The two-semaphore handshake solves this:

Writer                           Reader
───────                          ──────
sem_wait(sem_reader)   ←──────┐
write data to region          │
sem_post(sem_writer)   ──┐    │
                         │    │   sem_wait(sem_writer) ←──┐
                         └────┼─→ read data from region   │
                              │   sem_post(sem_reader) ───┘
                              └─→ (writer unblocks)

sem_reader starts at 1 (slot is free). sem_writer starts at 0 (no data ready). One message in flight at a time. Clean. Correct.

But correct and fast are different things. Each sem_wait/sem_post is a syscall. At 100K messages, that’s 200K syscalls, precisely the overhead shared memory is supposed to avoid. Semaphores are the right tool for teaching demos and coarse-grained coordination. For high-frequency hot paths, you need something else.

Even proper mutex implementations have edges. On multi-core systems, A might write to shared memory and that write sits in A’s CPU cache. B reads and gets the old value from its own cache. The mutex didn’t help. You also need memory barriers — instructions that force CPUs to flush and reload from main memory. This is why mutex and atomic implementations use special instructions that include implicit barriers.

And this is how tech giants utilize this IPC mechanism for optimization & efficiency.

Case 1: PostgreSQL

PostgreSQL — The Shared Buffer Pool

Every backend process in Postgres (one per client connection) reads and writes through a single shared memory region called shared_buffers. Instead of each process hitting disk independently, they all access the same in-memory page cache. The kernel requirement is explicit: Postgres requires OS-level shared memory and semaphores to function at all.

The sizing decision matters more than most config tuning. A reasonable starting value is 25% of system memory — allocating more than 40% is unlikely to help because PostgreSQL also relies on the OS page cache as a second layer underneath.

Case 2: Nginx

NGINX — Shared Cache Between Workers

NGINX workers are separate OS processes, not threads. Each runs its own event loop. For state that must be visible across all workers — cache metadata, rate-limit counters, session data — shared memory is the deliberate exception carved out for cross-worker coordination. Workers are otherwise fully isolated and do not share memory by default.

6. Message Passing: Slower, But the Kernel Does the Hard Part

The Data Path

Process A
   |
   | send()
   v
+-------------------+
|   Kernel Space    |
|   IPC Buffer      |
+-------------------+
   |
   | receive()
   v
Process B

What actually happens for each message:

  1. A calls send() with a buffer
  2. System call traps into kernel mode
  3. Kernel validates user pointer, copies data from A’s address space to kernel space
  4. B calls receive()
  5. Another system call
  6. Kernel copies data from kernel space to B’s buffer
  7. B resumes with the message

Two copies. Two context switches. Every single message.
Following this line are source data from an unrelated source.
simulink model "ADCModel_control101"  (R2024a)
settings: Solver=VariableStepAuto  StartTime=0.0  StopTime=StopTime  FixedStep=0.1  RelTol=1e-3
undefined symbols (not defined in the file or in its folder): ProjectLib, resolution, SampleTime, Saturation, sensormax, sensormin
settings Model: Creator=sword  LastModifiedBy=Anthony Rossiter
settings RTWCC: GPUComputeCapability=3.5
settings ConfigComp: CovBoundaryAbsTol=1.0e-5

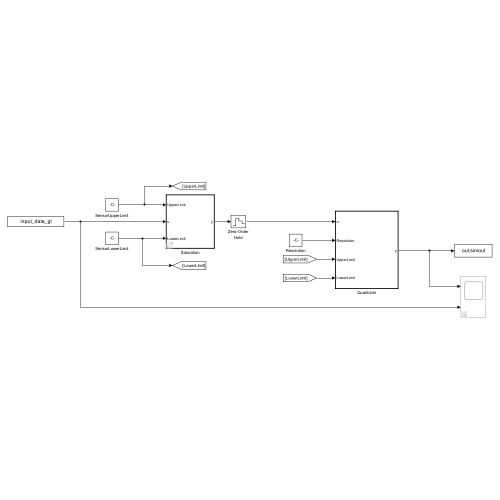
[thumbnail: Simulink's stored preview of the top-level diagram]
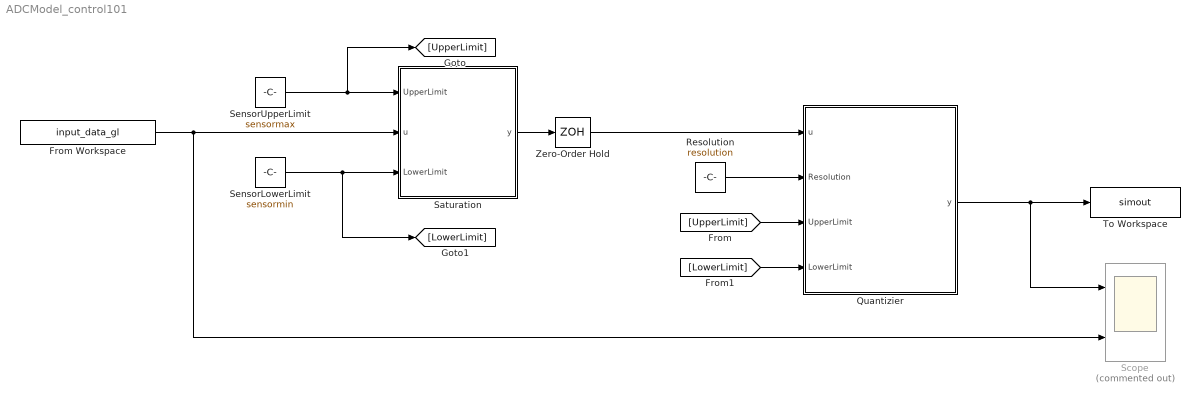
== system ADCModel_control101 ==
  From Workspace : FromWorkspace  VariableName=input_data_gl  SampleTime=0.0001
  Quantizier : Subsystem  TreatAsAtomicUnit=on
      settings: RTWSystemCode=Inline
  Resolution : Constant  Value=resolution  SampleTime=-1
  Saturation : Subsystem  AncestorBlock=ProjectLib/Saturation  TreatAsAtomicUnit=on
      settings: RTWSystemCode=Inline
  Scope : Scope  Commented=on  NumInputPorts=2
  SensorLowerLimit : Constant  Value=sensormin  SampleTime=-1
  SensorUpperLimit : Constant  Value=sensormax  SampleTime=-1
  To Workspace : ToWorkspace  VariableName=simout  SaveFormat=Structure With Time  SampleTime=SampleTime
  Zero-Order Hold : ZeroOrderHold  SampleTime=0.1
  wires:
  SensorUpperLimit/1 -> [UpperLimit], Saturation/1(UpperLimit)
  SensorLowerLimit/1 -> [LowerLimit], Saturation/3(LowerLimit)
  Saturation/1(y) -> Zero-Order Hold/1
  From Workspace/1 -> Scope/2, Saturation/2(u)
  Quantizier/1(y) -> To Workspace/1, Scope/1
  [UpperLimit] -> Quantizier/3(UpperLimit)
  [LowerLimit] -> Quantizier/4(LowerLimit)
  Resolution/1 -> Quantizier/2(Resolution)
  Zero-Order Hold/1 -> Quantizier/1(u)

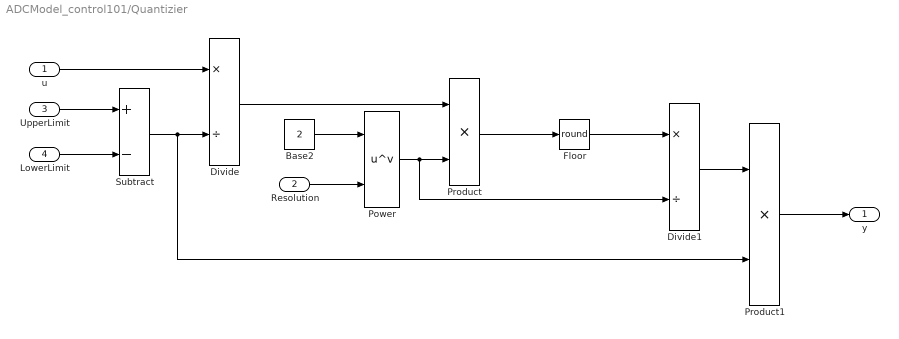
== system ADCModel_control101/Quantizier ==
  u : Inport
  Resolution : Inport  Port=2
  UpperLimit : Inport  Port=3
  LowerLimit : Inport  Port=4
  Base2 : Constant  Value=2  SampleTime=-1
  Divide : Product  Inputs=*/
  Divide1 : Product  Inputs=*/
  Floor : Rounding  Operator=round
  Power : Math  Operator=pow
  Product : Product
  Product1 : Product
  Subtract : Sum  Inputs=+-
  y : Outport
  wires:
  Divide1/1 -> Product1/1
  Subtract/1 -> Product1/2, Divide/2
  Floor/1 -> Divide1/1
  UpperLimit/1 -> Subtract/1
  Product/1 -> Floor/1
  Power/1 -> Product/2, Divide1/2
  Product1/1 -> y/1
  Base2/1 -> Power/1
  LowerLimit/1 -> Subtract/2
  Resolution/1 -> Power/2
  Divide/1 -> Product/1
  u/1 -> Divide/1

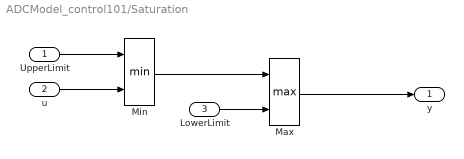
== system ADCModel_control101/Saturation ==
  UpperLimit : Inport
  u : Inport  Port=2
  LowerLimit : Inport  Port=3
  Max : MinMax  Function=max  Inputs=2
  Min : MinMax  Inputs=2
  y : Outport
  wires:
  LowerLimit/1 -> Max/2
  u/1 -> Min/2
  UpperLimit/1 -> Min/1
  Min/1 -> Max/1
  Max/1 -> y/1

It’s slower than shared memory. That’s just true.

But the kernel now coordinates everything. If B calls receive() before a message arrives, it sleeps. When a message comes in, the kernel wakes it up. No mutex. No polling loop. No race condition hiding in your timing assumptions.

And when data crosses the kernel boundary, you can serialize it. Convert your struct to JSON, Protobuf, or whatever format both sides understand. The receiver deserializes into its own layout. Endianness gets handled. Struct version mismatches can be detected. The layout problem that makes shared memory fragile mostly disappears.

Blocking vs Non-Blocking

Blocking receive() puts the process to sleep until a message arrives. Simple, but watch for deadlocks. If A waits for B and B waits for A, neither wakes up ever.

Non-blocking receive() returns immediately with an error if nothing’s available. The process can do other work and check again. More complexity in your code, but no blocking hazards.

Some kernels support zero-copy: instead of copying the message twice, the kernel temporarily maps the sender’s buffer into the receiver’s address space. The data never moves. This only works on the same host and not all IPC mechanisms support it, but it narrows the performance gap with shared memory.

Pipes

A kernel-managed byte stream between file descriptors.

pipe(pipefd)  fork() 
  Parent: close(pipefd[0]), write(pipefd[1], &msg, sizeof(msg))
  Child:  close(pipefd[1]), read(pipefd[0], &buf, sizeof(buf))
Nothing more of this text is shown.